Such efforts centered on putting abortion out of reach for low-income people and disproportionately blocked women and people of color from accessing care. (This isn’t by accident: Henry Hyde, the namesake of the racist, sexist, and classist 1976 Hyde Amendment, expressly said at the time that while he’d like to ban abortion entirely, he would settle for banning abortion for poor women through similar measures.)

Other proposed legislation sought to ban the sale or use of fetal tissue for research or medical purposes, and still others used as their premise many widely discredited “born-alive” myths to create criminal and civil penalties for abortion providers. Some lawmakers tried to ban particular medical procedures or introduced racist, misogynist “sex-selective” abortion bans, and others tried to regulate how abortion providers handled fetal remains and the products of conception. “Informed consent” bills came up repeatedly, including those that would institute mandatory waiting periods or require doctors to provide specific information (more accurately misinformation and outright lies) to people seeking abortion care.

In the ’70s, ’80s, and early ’90s, anti-abortion lawmakers trudged back to the Texas Capitol again and again, proposing the same anti-abortion legislation over and over—making the very same claims and demands that would become national news and perpetual cable-TV fodder in the 2000s and the 2010s, but getting almost nowhere.

While early anti-abortion lawmakers laid the rhetorical and political groundwork for future anti-abortion battles, very few of their proposals went farther than public committee hearings. This was in part due to Texas’ uniquely situated legislative apparatus, which allows the lieutenant governor to essentially stall or kill any legislation they don’t like.

Democratic lieutenant governors did just that, blocking most abortion restrictions for decades, though not necessarily because they were bold pro-choicers. In 1981, Texas Monthly noted that Lt. Gov. Bill Hobby often blocked abortion bills in the Texas Senate to “protect legislators from having to cast politically damaging votes,” holding off all but three new abortion restrictions for nearly 20 years.

The next man in the job, Bob Bullock, kicked off his tenure sticking to promises he’d made alongside Gov. Ann Richards to block new abortion restrictions. But Bullock quickly relented. In 1995, just three years after Casey, he publicly supported restricting young people’s access to abortion by requiring parental notification for care—efforts anti-abortion lawmakers had been pursuing since the early ’80s. Those restrictions failed to pass during Bullock’s tenure, though new abortion-reporting requirements and penalties for providers who violated them passed on his watch in 1997. (Those requirements were authored in part by Democrat Leticia Van de Putte, who would go on to become one of the heroes of the 2013 abortion rights filibuster and a champion for abortion access more broadly.)

With Bullock reneging on his no-new-restrictions pledge, Texans saw a marked change in abortion politics in the mid-to-late ’90s, legislatively speaking. From then on, the number of anti-abortion proposals introduced in the Texas Legislature numbered in the double digits most session years, with ever more co-sponsors and co-authors willing and excited to put their names on each bill.

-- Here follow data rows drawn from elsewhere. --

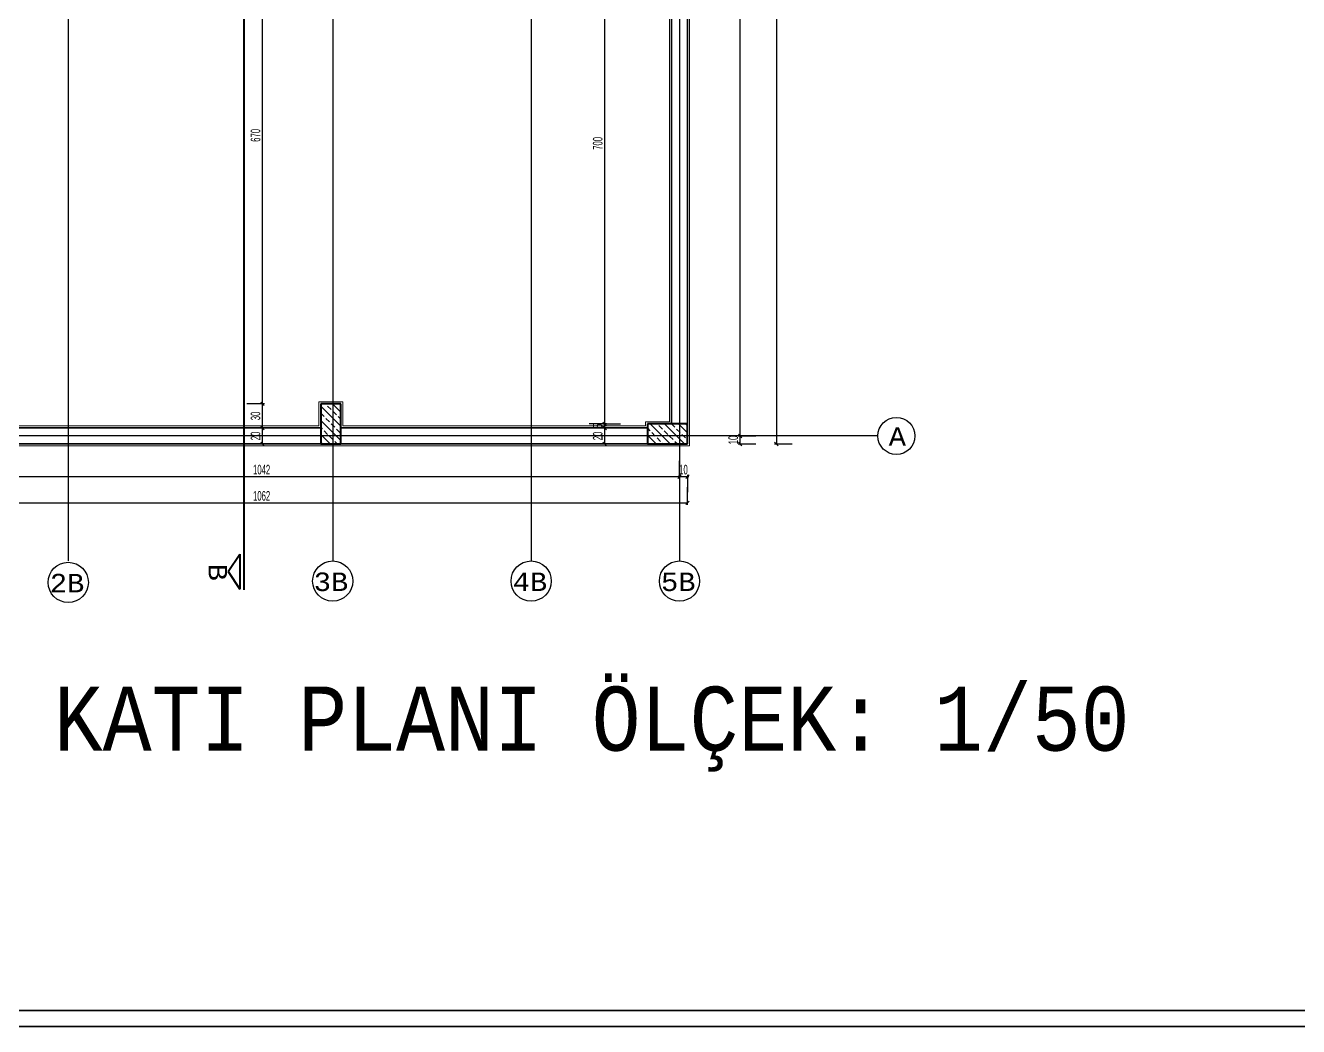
# Model space of a CAD drawing. Header units: inches. Extents: x -7543 to -822, y 102837 to 190349.
# Drawn here: x -830.4982 to -830.1806, y 102836.6651 to 102836.9148 of the extents above; entities that cross this region are included whole.
import ezdxf

# ---------------------------------------------------------------- set-up
doc = ezdxf.new("R2010")
doc.units = ezdxf.units.IN
doc.header["$MEASUREMENT"] = 0
doc.linetypes.add('DASHDOTX2', pattern=[2, 1, -0.5, 0, -0.5])
doc.linetypes.add('DASHED', pattern=[19.05, 12.7, -6.35])
doc.layers.get('Defpoints').update_dxf_attribs({"lineweight": 25})
for name, color, linetype, lineweight in [('AKS', 1, 'Continuous', 25), ('ICOL', 55, 'Continuous', 25), ('KESİT', 7, 'Continuous', 40), ('KOLON', 2, 'Continuous', 40), ('SIVA', 150, 'Continuous', 15), ('TARAMA', 8, 'Continuous', 25), ('YAZI', 7, 'Continuous', 25)]:
    doc.layers.add(name, color=color, linetype=linetype, lineweight=lineweight)
doc.layers.add('DUVAR', color=7, linetype='Continuous', lineweight=35, true_color=0xfc4642)
doc.styles.add('ISIM', font='monos.ttf', dxfattribs={"width": 1.1, "height": 200})
doc.styles.add('OLCU', font='tromand.shx', dxfattribs={"width": 0.6, "height": 12})

# ---------------------------------------------------------------- blocks, each defined once
blk = doc.blocks.new('E')
at = {"layer": 'ICOL'}
for p, q in [((0, -3), (0, 25)), ((-2.8, -2.8), (2.8, 2.8))]:
    blk.add_line(p, q, dxfattribs=at)
blk = doc.blocks.new('D')
at = {"layer": 'ICOL'}
for p, q in [((2.8, 2.8), (-2.8, -2.8)), ((0, 3), (0, -25))]:
    blk.add_line(p, q, dxfattribs=at)

msp = doc.modelspace()

# ---------------------------------------------------------------- linework, layer by layer
at = {"layer": 'AKS', "linetype": 'DASHDOTX2', "ltscale": 10}
for p, q in [((-830.48756, 102837.19993), (-830.48756, 102836.78124)), ((-830.42157, 102837.19993), (-830.42157, 102836.78124)), ((-830.37206, 102837.19993), (-830.37206, 102836.78124)), ((-830.33506, 102837.19993), (-830.33506, 102836.78124)), ((-830.28556, 102836.81243), (-830.60892, 102836.81243))]:
    msp.add_line(p, q, dxfattribs=at)
at = {"layer": 'AKS', "color": 0}
for centre, radius in [((-830.28094, 102836.81243), 0.00462), ((-830.48756, 102836.77589), 0.00502), ((-830.42157, 102836.77622), 0.00502), ((-830.37206, 102836.77622), 0.00502), ((-830.33506, 102836.77622), 0.00502)]:
    msp.add_circle(centre, radius, dxfattribs=at)
at = {"layer": 'Defpoints', "color": 6}
for p, q in [((-830.33306, 102836.81043), (-830.33306, 102837.16043)), ((-830.54556, 102836.81043), (-830.33306, 102836.81043))]:
    msp.add_line(p, q, dxfattribs=at)
at = {"layer": 'Defpoints', "color": 3}
for p, q in [((-830.33706, 102836.81543), (-830.33706, 102836.96243)), ((-830.42456, 102836.81443), (-830.42456, 102836.82043)), ((-830.42456, 102836.82043), (-830.41956, 102836.82043)), ((-830.41956, 102836.82043), (-830.41956, 102836.81443)), ((-830.53556, 102836.81443), (-830.42456, 102836.81443)), ((-830.41956, 102836.81443), (-830.34306, 102836.81443)), ((-830.34306, 102836.81443), (-830.34306, 102836.81543)), ((-830.34306, 102836.81543), (-830.33706, 102836.81543))]:
    msp.add_line(p, q, dxfattribs=at)
at = {"layer": 'DUVAR'}
for p, q in [((-830.33706, 102836.96243), (-830.33706, 102836.81543)), ((-830.33306, 102836.96243), (-830.33306, 102836.81543)), ((-830.42456, 102836.81443), (-830.53556, 102836.81443)), ((-830.34306, 102836.81443), (-830.41956, 102836.81443)), ((-830.42456, 102836.81043), (-830.53556, 102836.81043)), ((-830.34306, 102836.81043), (-830.41956, 102836.81043)), ((-837.60107, 102836.66908), (-821.99356, 102836.66908)), ((-837.60507, 102836.66508), (-821.98956, 102836.66508))]:
    msp.add_line(p, q, dxfattribs=at)
at = {"layer": 'ICOL'}
for p, q in [((-830.31087, 102837.16027), (-830.31087, 102836.81059)), ((-830.31991, 102836.81259), (-830.31991, 102837.15827)), ((-830.4391, 102836.82059), (-830.4391, 102836.95427)), ((-830.35371, 102836.81559), (-830.35371, 102836.95527)), ((-830.4391, 102836.81459), (-830.4391, 102836.82027)), ((-830.4391, 102836.81059), (-830.4391, 102836.81427)), ((-830.35371, 102836.81559), (-830.35371, 102836.81574)), ((-830.35371, 102836.81443), (-830.35371, 102836.81543)), ((-830.35371, 102836.81427), (-830.35371, 102836.81412)), ((-830.35371, 102836.81059), (-830.35371, 102836.81427)), ((-830.31991, 102836.81259), (-830.31991, 102836.81274)), ((-830.31991, 102836.81043), (-830.31991, 102836.81243)), ((-830.31991, 102836.81027), (-830.31991, 102836.81012)), ((-830.54341, 102836.80229), (-830.33522, 102836.80229)), ((-830.33522, 102836.80229), (-830.33537, 102836.80229)), ((-830.33506, 102836.80229), (-830.33306, 102836.80229)), ((-830.33291, 102836.80229), (-830.33275, 102836.80229)), ((-830.54541, 102836.79574), (-830.33322, 102836.79574))]:
    msp.add_line(p, q, dxfattribs=at)
at = {"layer": 'KESİT', "linetype": 'DASHED'}
msp.add_line((-830.44375, 102836.94921), (-830.44375, 102836.77407), dxfattribs=at)
at = {"layer": 'KESİT'}
for p, q in [((-830.44766, 102836.77859), (-830.44478, 102836.78293)), ((-830.44478, 102836.78293), (-830.44478, 102836.77424)), ((-830.44766, 102836.77859), (-830.44478, 102836.77424))]:
    msp.add_line(p, q, dxfattribs=at)
at = {"layer": 'KOLON'}
for p, q in [((-830.41956, 102836.82043), (-830.42456, 102836.82043)), ((-830.42456, 102836.82043), (-830.42456, 102836.81043)), ((-830.41956, 102836.81043), (-830.41956, 102836.82043)), ((-830.34306, 102836.81543), (-830.34306, 102836.81043)), ((-830.33306, 102836.81543), (-830.34306, 102836.81543)), ((-830.33306, 102836.81043), (-830.33306, 102836.81543)), ((-830.42456, 102836.81043), (-830.41956, 102836.81043)), ((-830.34306, 102836.81043), (-830.33306, 102836.81043))]:
    msp.add_line(p, q, dxfattribs=at)
at = {"layer": 'SIVA'}
for p, q in [((-830.33256, 102836.80993), (-830.33256, 102836.96793)), ((-830.33756, 102836.96193), (-830.33756, 102836.81593)), ((-830.42506, 102836.82093), (-830.41906, 102836.82093)), ((-830.42506, 102836.81493), (-830.42506, 102836.82093)), ((-830.41906, 102836.81493), (-830.41906, 102836.82093)), ((-830.42506, 102836.81493), (-830.53506, 102836.81493)), ((-830.34356, 102836.81493), (-830.41906, 102836.81493)), ((-830.34356, 102836.81493), (-830.34356, 102836.81593)), ((-830.33756, 102836.81593), (-830.34356, 102836.81593)), ((-830.33256, 102836.80993), (-830.54606, 102836.80993))]:
    msp.add_line(p, q, dxfattribs=at)
at = {"layer": 'TARAMA'}
for p, q in [((-830.42456, 102836.81985), (-830.41956, 102836.81485)), ((-830.42338, 102836.82043), (-830.42329, 102836.82035)), ((-830.42285, 102836.8199), (-830.42196, 102836.81902)), ((-830.42161, 102836.82043), (-830.41956, 102836.81838)), ((-830.41976, 102836.82035), (-830.41956, 102836.82015)), ((-830.42456, 102836.81808), (-830.42373, 102836.81725)), ((-830.42329, 102836.81681), (-830.42241, 102836.81593)), ((-830.42152, 102836.81858), (-830.42064, 102836.81769)), ((-830.4202, 102836.81725), (-830.41956, 102836.81662)), ((-830.42456, 102836.81631), (-830.41956, 102836.81131)), ((-830.42456, 102836.81455), (-830.42417, 102836.81416)), ((-830.42373, 102836.81372), (-830.42285, 102836.81283)), ((-830.42196, 102836.81548), (-830.42108, 102836.8146)), ((-830.42064, 102836.81416), (-830.41976, 102836.81327)), ((-830.34306, 102836.81436), (-830.34242, 102836.81372)), ((-830.34236, 102836.81543), (-830.33736, 102836.81043)), ((-830.34197, 102836.81327), (-830.34109, 102836.81239)), ((-830.34021, 102836.81504), (-830.33932, 102836.81416)), ((-830.33888, 102836.81372), (-830.338, 102836.81283)), ((-830.33883, 102836.81543), (-830.33383, 102836.81043)), ((-830.33706, 102836.81543), (-830.33623, 102836.8146)), ((-830.33579, 102836.81416), (-830.3349, 102836.81327)), ((-830.33529, 102836.81543), (-830.33306, 102836.8132)), ((-830.33352, 102836.81543), (-830.33313, 102836.81504)), ((-830.42456, 102836.81278), (-830.42222, 102836.81043)), ((-830.42417, 102836.81062), (-830.42398, 102836.81043)), ((-830.42241, 102836.81239), (-830.42152, 102836.81151)), ((-830.42108, 102836.81106), (-830.42045, 102836.81043)), ((-830.34306, 102836.81259), (-830.3409, 102836.81043)), ((-830.34306, 102836.81083), (-830.34286, 102836.81062)), ((-830.34065, 102836.81195), (-830.33976, 102836.81106)), ((-830.33932, 102836.81062), (-830.33913, 102836.81043)), ((-830.33755, 102836.81239), (-830.33667, 102836.81151)), ((-830.33623, 102836.81106), (-830.33559, 102836.81043)), ((-830.33446, 102836.81283), (-830.33358, 102836.81195)), ((-830.33313, 102836.81151), (-830.33306, 102836.81143))]:
    msp.add_line(p, q, dxfattribs=at)

# ---------------------------------------------------------------- block references
at = {"layer": 'ICOL'}
for name, p, xscale, yscale, zscale, rotation in [('D', (-830.4391, 102836.82043), 0.000155999994603917, 0.000155999994603917, 0.000155999994603917, 270), ('E', (-830.4391, 102836.82043), 0.000155999994603917, 0.000155999994603917, 0.000155999994603917, 90), ('D', (-830.4391, 102836.81443), 0.000155999994603917, 0.000155999994603917, 0.000155999994603917, 270), ('E', (-830.4391, 102836.81443), 0.000155999994603917, 0.000155999994603917, 0.000155999994603917, 90), ('D', (-830.35371, 102836.81543), 0.000155999994603917, 0.000155999994603917, 0.000155999994603917, 270), ('E', (-830.35371, 102836.81443), 0.000155999994603917, 0.000155999994603917, 0.000155999994603917, 90), ('E', (-830.35371, 102836.81543), 0.000155999994603917, 0.000155999994603917, 0.000155999994603917, 270), ('D', (-830.35371, 102836.81443), 0.000155999994603917, 0.000155999994603917, 0.000155999994603917, 90), ('D', (-830.4391, 102836.81043), 0.000155999994603917, 0.000155999994603917, 0.000155999994603917, 270), ('D', (-830.35371, 102836.81043), 0.000155999994603917, 0.000155999994603917, 0.000155999994603917, 270), ('D', (-830.31991, 102836.81243), 0.000155999994603917, 0.000155999994603917, 0.000155999994603917, 270), ('E', (-830.31991, 102836.81243), 0.000155999994603917, 0.000155999994603917, 0.000155999994603917, 270), ('D', (-830.31991, 102836.81043), 0.000155999994603917, 0.000155999994603917, 0.000155999994603917, 90), ('E', (-830.31087, 102836.81043), 0.000155999994603917, 0.000155999994603917, 0.000155999994603917, 270), ('E', (-830.33306, 102836.80229), 0.0001559999999471984, 0.0001559999999471984, 0.0001559999999471984, 180)]:
    msp.add_blockref(name, p, dxfattribs=dict(at, xscale=xscale, yscale=yscale, zscale=zscale, rotation=rotation))
at = {"layer": 'ICOL', "xscale": 0.0001559999999471984, "yscale": 0.0001559999999471984, "zscale": 0.0001559999999471984}
for name, p in [('E', (-830.33506, 102836.80229)), ('D', (-830.33506, 102836.80229)), ('E', (-830.33306, 102836.79574))]:
    msp.add_blockref(name, p, dxfattribs=at)

# ---------------------------------------------------------------- texts
at = {"layer": 'AKS', "style": 'ISIM', "width": 1.1}
for s, p in [('A', (-830.28285, 102836.80998)), ('3B', (-830.42631, 102836.77374)), ('4B', (-830.37667, 102836.77374)), ('5B', (-830.33966, 102836.77374)), ('2B', (-830.49216, 102836.7734))]:
    msp.add_text(s, height=0.00462, dxfattribs=at).set_placement(p)
msp.add_text('B', height=0.00462, rotation=270, dxfattribs=at).set_placement((-830.45254, 102836.78057))
at = {"layer": 'ICOL', "char_height": 0.0024, "attachment_point": 5, "rotation": 90, "style": 'OLCU'}
for s, insert in [('\\A1;670', (-830.44083, 102836.88743)), ('\\A1;700', (-830.35544, 102836.88543)), ('\\A1;30', (-830.44083, 102836.81743)), ('\\A1;20', (-830.44083, 102836.81243)), ('\\A1;20', (-830.35544, 102836.81243)), ('\\A1;5', (-830.35544, 102836.81493)), ('\\A1;10', (-830.32164, 102836.81143))]:
    msp.add_mtext(s, dxfattribs=dict(at, insert=insert))
at = {"layer": 'ICOL', "char_height": 0.0024, "attachment_point": 5, "style": 'OLCU'}
for s, insert in [('\\A1;1042', (-830.43931, 102836.80402)), ('\\A1;10', (-830.33406, 102836.80402)), ('\\A1;1062', (-830.43931, 102836.79747))]:
    msp.add_mtext(s, dxfattribs=dict(at, insert=insert))
at = {"layer": 'YAZI', "style": 'ISIM', "width": 0.9}
msp.add_text('B-BLOK TESİSAT KATI PLANI ÖLÇEK: 1/50', height=0.016, dxfattribs=at).set_placement((-830.67417, 102836.73391, -0.002))

doc.saveas('drawing.dxf')

In fact, from 1973 onward, every Texas legislative session has seen more proposed abortion restrictions than efforts to expand or protect abortion rights and access, often by several orders of magnitude. Partisanship didn’t meaningfully enter the conversation until the late ’90s, and even then, Democrats remained willing to support abortion restrictions, especially those they perceived as having little impact on—or even as politically beneficial to—their careers.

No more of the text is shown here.